(Excerpted records):
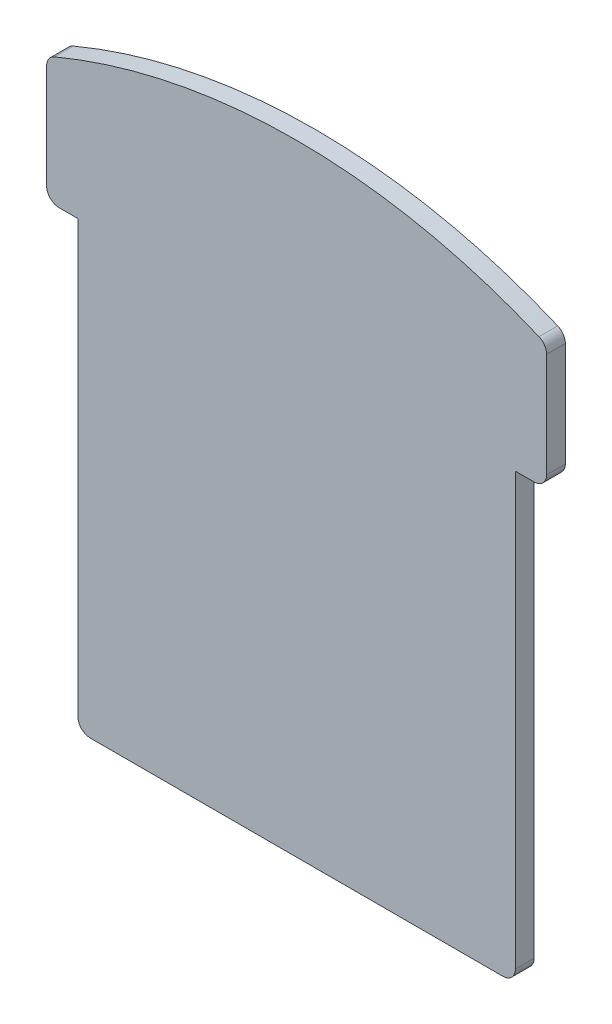
ISO-10303-21;
HEADER;
FILE_DESCRIPTION(('STEP AP214'),'2;1');
FILE_NAME('part.step','',(''),(''),'','','');
FILE_SCHEMA(('AUTOMOTIVE_DESIGN { 1 0 10303 214 1 1 1 1 }'));
ENDSEC;
DATA;
#1=APPLICATION_CONTEXT('core data for automotive mechanical design processes');
#2=APPLICATION_PROTOCOL_DEFINITION('international standard','automotive_design',2000,#1);
#3=PRODUCT_CONTEXT('',#1,'mechanical');
#4=PRODUCT('Part','Part','',(#3));
#5=PRODUCT_RELATED_PRODUCT_CATEGORY('part','',(#4));
#6=PRODUCT_DEFINITION_FORMATION('','',#4);
#7=PRODUCT_DEFINITION_CONTEXT('part definition',#1,'design');
#8=PRODUCT_DEFINITION('design','',#6,#7);
#9=PRODUCT_DEFINITION_SHAPE('','',#8);
#10=(LENGTH_UNIT() NAMED_UNIT(*) SI_UNIT(.MILLI.,.METRE.));
#11=(NAMED_UNIT(*) PLANE_ANGLE_UNIT() SI_UNIT($,.RADIAN.));
#12=(NAMED_UNIT(*) SI_UNIT($,.STERADIAN.) SOLID_ANGLE_UNIT());
#13=UNCERTAINTY_MEASURE_WITH_UNIT(LENGTH_MEASURE(1.E-05),#10,'distance_accuracy_value','');
#14=(GEOMETRIC_REPRESENTATION_CONTEXT(3) GLOBAL_UNCERTAINTY_ASSIGNED_CONTEXT((#13)) GLOBAL_UNIT_ASSIGNED_CONTEXT((#10,
#11,#12)) REPRESENTATION_CONTEXT('',''));
#15=CARTESIAN_POINT('',(0.,0.,0.));
#16=DIRECTION('',(0.,0.,1.));
#17=DIRECTION('',(1.,0.,0.));
#18=AXIS2_PLACEMENT_3D('',#15,#16,#17);
#19=CARTESIAN_POINT('',(0.,0.,3.));
#20=DIRECTION('',(1.,0.,0.));
#21=DIRECTION('',(0.,0.,-1.));
#22=AXIS2_PLACEMENT_3D('',#19,#20,#21);
#23=PLANE('',#22);
#24=DIRECTION('',(0.,-1.,0.));
#25=VECTOR('',#24,1.);
#26=CARTESIAN_POINT('',(0.,0.,0.));
#27=LINE('',#26,#25);
#28=CARTESIAN_POINT('',(0.,71.,0.));
#29=VERTEX_POINT('',#28);
#30=CARTESIAN_POINT('',(0.,2.,0.));
#31=VERTEX_POINT('',#30);
#32=EDGE_CURVE('E187',#29,#31,#27,.T.);
#33=ORIENTED_EDGE('',*,*,#32,.T.);
#34=DIRECTION('',(0.,0.,-1.));
#35=VECTOR('',#34,1.);
#36=CARTESIAN_POINT('',(0.,2.,3.));
#37=LINE('',#36,#35);
#38=CARTESIAN_POINT('',(0.,2.,3.));
#39=VERTEX_POINT('',#38);
#40=EDGE_CURVE('E282',#31,#39,#37,.F.);
#41=ORIENTED_EDGE('',*,*,#40,.T.);
#42=DIRECTION('',(0.,-1.,0.));
#43=VECTOR('',#42,1.);
#44=CARTESIAN_POINT('',(0.,0.,3.));
#45=LINE('',#44,#43);
#46=CARTESIAN_POINT('',(0.,71.,3.));
#47=VERTEX_POINT('',#46);
#48=EDGE_CURVE('E152',#47,#39,#45,.T.);
#49=ORIENTED_EDGE('',*,*,#48,.F.);
#50=DIRECTION('',(0.,0.,-1.));
#51=VECTOR('',#50,1.);
#52=CARTESIAN_POINT('',(0.,71.,3.));
#53=LINE('',#52,#51);
#54=EDGE_CURVE('E165',#47,#29,#53,.T.);
#55=ORIENTED_EDGE('',*,*,#54,.T.);
#56=EDGE_LOOP('',(#33,#41,#49,#55));
#57=FACE_BOUND('',#56,.T.);
#58=ADVANCED_FACE('F39',(#57),#23,.F.);
#59=CARTESIAN_POINT('',(0.,0.,3.));
#60=DIRECTION('',(0.,1.,0.));
#61=DIRECTION('',(0.,0.,1.));
#62=AXIS2_PLACEMENT_3D('',#59,#60,#61);
#63=PLANE('',#62);
#64=DIRECTION('',(1.,0.,0.));
#65=VECTOR('',#64,1.);
#66=CARTESIAN_POINT('',(0.,0.,0.));
#67=LINE('',#66,#65);
#68=CARTESIAN_POINT('',(2.,0.,0.));
#69=VERTEX_POINT('',#68);
#70=CARTESIAN_POINT('',(68.,0.,0.));
#71=VERTEX_POINT('',#70);
#72=EDGE_CURVE('E153',#69,#71,#67,.T.);
#73=ORIENTED_EDGE('',*,*,#72,.T.);
#74=DIRECTION('',(0.,0.,-1.));
#75=VECTOR('',#74,1.);
#76=CARTESIAN_POINT('',(68.,0.,3.));
#77=LINE('',#76,#75);
#78=CARTESIAN_POINT('',(68.,0.,3.));
#79=VERTEX_POINT('',#78);
#80=EDGE_CURVE('E279',#71,#79,#77,.F.);
#81=ORIENTED_EDGE('',*,*,#80,.T.);
#82=DIRECTION('',(1.,0.,0.));
#83=VECTOR('',#82,1.);
#84=CARTESIAN_POINT('',(0.,0.,3.));
#85=LINE('',#84,#83);
#86=CARTESIAN_POINT('',(2.,0.,3.));
#87=VERTEX_POINT('',#86);
#88=EDGE_CURVE('E206',#87,#79,#85,.T.);
#89=ORIENTED_EDGE('',*,*,#88,.F.);
#90=DIRECTION('',(0.,0.,-1.));
#91=VECTOR('',#90,1.);
#92=CARTESIAN_POINT('',(2.,0.,3.));
#93=LINE('',#92,#91);
#94=EDGE_CURVE('E276',#87,#69,#93,.T.);
#95=ORIENTED_EDGE('',*,*,#94,.T.);
#96=EDGE_LOOP('',(#73,#81,#89,#95));
#97=FACE_BOUND('',#96,.T.);
#98=ADVANCED_FACE('F320',(#97),#63,.F.);
#99=CARTESIAN_POINT('',(70.,0.,3.));
#100=DIRECTION('',(-1.,0.,0.));
#101=DIRECTION('',(0.,0.,1.));
#102=AXIS2_PLACEMENT_3D('',#99,#100,#101);
#103=PLANE('',#102);
#104=DIRECTION('',(0.,1.,0.));
#105=VECTOR('',#104,1.);
#106=CARTESIAN_POINT('',(70.,0.,3.));
#107=LINE('',#106,#105);
#108=CARTESIAN_POINT('',(70.,2.,3.));
#109=VERTEX_POINT('',#108);
#110=CARTESIAN_POINT('',(70.,71.,3.));
#111=VERTEX_POINT('',#110);
#112=EDGE_CURVE('E210',#109,#111,#107,.T.);
#113=ORIENTED_EDGE('',*,*,#112,.F.);
#114=DIRECTION('',(0.,0.,-1.));
#115=VECTOR('',#114,1.);
#116=CARTESIAN_POINT('',(70.,2.,3.));
#117=LINE('',#116,#115);
#118=CARTESIAN_POINT('',(70.,2.,0.));
#119=VERTEX_POINT('',#118);
#120=EDGE_CURVE('E149',#109,#119,#117,.T.);
#121=ORIENTED_EDGE('',*,*,#120,.T.);
#122=DIRECTION('',(0.,1.,0.));
#123=VECTOR('',#122,1.);
#124=CARTESIAN_POINT('',(70.,0.,0.));
#125=LINE('',#124,#123);
#126=CARTESIAN_POINT('',(70.,71.,0.));
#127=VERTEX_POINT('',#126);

(Try it): Could the material above be written out again word for word, with the pictures dropped?

(Answer space):
ISO-10303-21;
HEADER;
FILE_DESCRIPTION(('STEP AP214'),'2;1');
FILE_NAME('part.step','',(''),(''),'','','');
FILE_SCHEMA(('AUTOMOTIVE_DESIGN { 1 0 10303 214 1 1 1 1 }'));
ENDSEC;
DATA;
#1=APPLICATION_CONTEXT('core data for automotive mechanical design processes');
#2=APPLICATION_PROTOCOL_DEFINITION('international standard','automotive_design',2000,#1);
#3=PRODUCT_CONTEXT('',#1,'mechanical');
#4=PRODUCT('Part','Part','',(#3));
#5=PRODUCT_RELATED_PRODUCT_CATEGORY('part','',(#4));
#6=PRODUCT_DEFINITION_FORMATION('','',#4);
#7=PRODUCT_DEFINITION_CONTEXT('part definition',#1,'design');
#8=PRODUCT_DEFINITION('design','',#6,#7);
#9=PRODUCT_DEFINITION_SHAPE('','',#8);
#10=(LENGTH_UNIT() NAMED_UNIT(*) SI_UNIT(.MILLI.,.METRE.));
#11=(NAMED_UNIT(*) PLANE_ANGLE_UNIT() SI_UNIT($,.RADIAN.));
#12=(NAMED_UNIT(*) SI_UNIT($,.STERADIAN.) SOLID_ANGLE_UNIT());
#13=UNCERTAINTY_MEASURE_WITH_UNIT(LENGTH_MEASURE(1.E-05),#10,'distance_accuracy_value','');
#14=(GEOMETRIC_REPRESENTATION_CONTEXT(3) GLOBAL_UNCERTAINTY_ASSIGNED_CONTEXT((#13)) GLOBAL_UNIT_ASSIGNED_CONTEXT((#10,
#11,#12)) REPRESENTATION_CONTEXT('',''));
#15=CARTESIAN_POINT('',(0.,0.,0.));
#16=DIRECTION('',(0.,0.,1.));
#17=DIRECTION('',(1.,0.,0.));
#18=AXIS2_PLACEMENT_3D('',#15,#16,#17);
#19=CARTESIAN_POINT('',(0.,0.,3.));
#20=DIRECTION('',(1.,0.,0.));
#21=DIRECTION('',(0.,0.,-1.));
#22=AXIS2_PLACEMENT_3D('',#19,#20,#21);
#23=PLANE('',#22);
#24=DIRECTION('',(0.,-1.,0.));
#25=VECTOR('',#24,1.);
#26=CARTESIAN_POINT('',(0.,0.,0.));
#27=LINE('',#26,#25);
#28=CARTESIAN_POINT('',(0.,71.,0.));
#29=VERTEX_POINT('',#28);
#30=CARTESIAN_POINT('',(0.,2.,0.));
#31=VERTEX_POINT('',#30);
#32=EDGE_CURVE('E187',#29,#31,#27,.T.);
#33=ORIENTED_EDGE('',*,*,#32,.T.);
#34=DIRECTION('',(0.,0.,-1.));
#35=VECTOR('',#34,1.);
#36=CARTESIAN_POINT('',(0.,2.,3.));
#37=LINE('',#36,#35);
#38=CARTESIAN_POINT('',(0.,2.,3.));
#39=VERTEX_POINT('',#38);
#40=EDGE_CURVE('E282',#31,#39,#37,.F.);
#41=ORIENTED_EDGE('',*,*,#40,.T.);
#42=DIRECTION('',(0.,-1.,0.));
#43=VECTOR('',#42,1.);
#44=CARTESIAN_POINT('',(0.,0.,3.));
#45=LINE('',#44,#43);
#46=CARTESIAN_POINT('',(0.,71.,3.));
#47=VERTEX_POINT('',#46);
#48=EDGE_CURVE('E152',#47,#39,#45,.T.);
#49=ORIENTED_EDGE('',*,*,#48,.F.);
#50=DIRECTION('',(0.,0.,-1.));
#51=VECTOR('',#50,1.);
#52=CARTESIAN_POINT('',(0.,71.,3.));
#53=LINE('',#52,#51);
#54=EDGE_CURVE('E165',#47,#29,#53,.T.);
#55=ORIENTED_EDGE('',*,*,#54,.T.);
#56=EDGE_LOOP('',(#33,#41,#49,#55));
#57=FACE_BOUND('',#56,.T.);
#58=ADVANCED_FACE('F39',(#57),#23,.F.);
#59=CARTESIAN_POINT('',(0.,0.,3.));
#60=DIRECTION('',(0.,1.,0.));
#61=DIRECTION('',(0.,0.,1.));
#62=AXIS2_PLACEMENT_3D('',#59,#60,#61);
#63=PLANE('',#62);
#64=DIRECTION('',(1.,0.,0.));
#65=VECTOR('',#64,1.);
#66=CARTESIAN_POINT('',(0.,0.,0.));
#67=LINE('',#66,#65);
#68=CARTESIAN_POINT('',(2.,0.,0.));
#69=VERTEX_POINT('',#68);
#70=CARTESIAN_POINT('',(68.,0.,0.));
#71=VERTEX_POINT('',#70);
#72=EDGE_CURVE('E153',#69,#71,#67,.T.);
#73=ORIENTED_EDGE('',*,*,#72,.T.);
#74=DIRECTION('',(0.,0.,-1.));
#75=VECTOR('',#74,1.);
#76=CARTESIAN_POINT('',(68.,0.,3.));
#77=LINE('',#76,#75);
#78=CARTESIAN_POINT('',(68.,0.,3.));
#79=VERTEX_POINT('',#78);
#80=EDGE_CURVE('E279',#71,#79,#77,.F.);
#81=ORIENTED_EDGE('',*,*,#80,.T.);
#82=DIRECTION('',(1.,0.,0.));
#83=VECTOR('',#82,1.);
#84=CARTESIAN_POINT('',(0.,0.,3.));
#85=LINE('',#84,#83);
#86=CARTESIAN_POINT('',(2.,0.,3.));
#87=VERTEX_POINT('',#86);
#88=EDGE_CURVE('E206',#87,#79,#85,.T.);
#89=ORIENTED_EDGE('',*,*,#88,.F.);
#90=DIRECTION('',(0.,0.,-1.));
#91=VECTOR('',#90,1.);
#92=CARTESIAN_POINT('',(2.,0.,3.));
#93=LINE('',#92,#91);
#94=EDGE_CURVE('E276',#87,#69,#93,.T.);
#95=ORIENTED_EDGE('',*,*,#94,.T.);
#96=EDGE_LOOP('',(#73,#81,#89,#95));
#97=FACE_BOUND('',#96,.T.);
#98=ADVANCED_FACE('F320',(#97),#63,.F.);
#99=CARTESIAN_POINT('',(70.,0.,3.));
#100=DIRECTION('',(-1.,0.,0.));
#101=DIRECTION('',(0.,0.,1.));
#102=AXIS2_PLACEMENT_3D('',#99,#100,#101);
#103=PLANE('',#102);
#104=DIRECTION('',(0.,1.,0.));
#105=VECTOR('',#104,1.);
#106=CARTESIAN_POINT('',(70.,0.,3.));
#107=LINE('',#106,#105);
#108=CARTESIAN_POINT('',(70.,2.,3.));
#109=VERTEX_POINT('',#108);
#110=CARTESIAN_POINT('',(70.,71.,3.));
#111=VERTEX_POINT('',#110);
#112=EDGE_CURVE('E210',#109,#111,#107,.T.);
#113=ORIENTED_EDGE('',*,*,#112,.F.);
#114=DIRECTION('',(0.,0.,-1.));
#115=VECTOR('',#114,1.);
#116=CARTESIAN_POINT('',(70.,2.,3.));
#117=LINE('',#116,#115);
#118=CARTESIAN_POINT('',(70.,2.,0.));
#119=VERTEX_POINT('',#118);
#120=EDGE_CURVE('E149',#109,#119,#117,.T.);
#121=ORIENTED_EDGE('',*,*,#120,.T.);
#122=DIRECTION('',(0.,1.,0.));
#123=VECTOR('',#122,1.);
#124=CARTESIAN_POINT('',(70.,0.,0.));
#125=LINE('',#124,#123);
#126=CARTESIAN_POINT('',(70.,71.,0.));
#127=VERTEX_POINT('',#126);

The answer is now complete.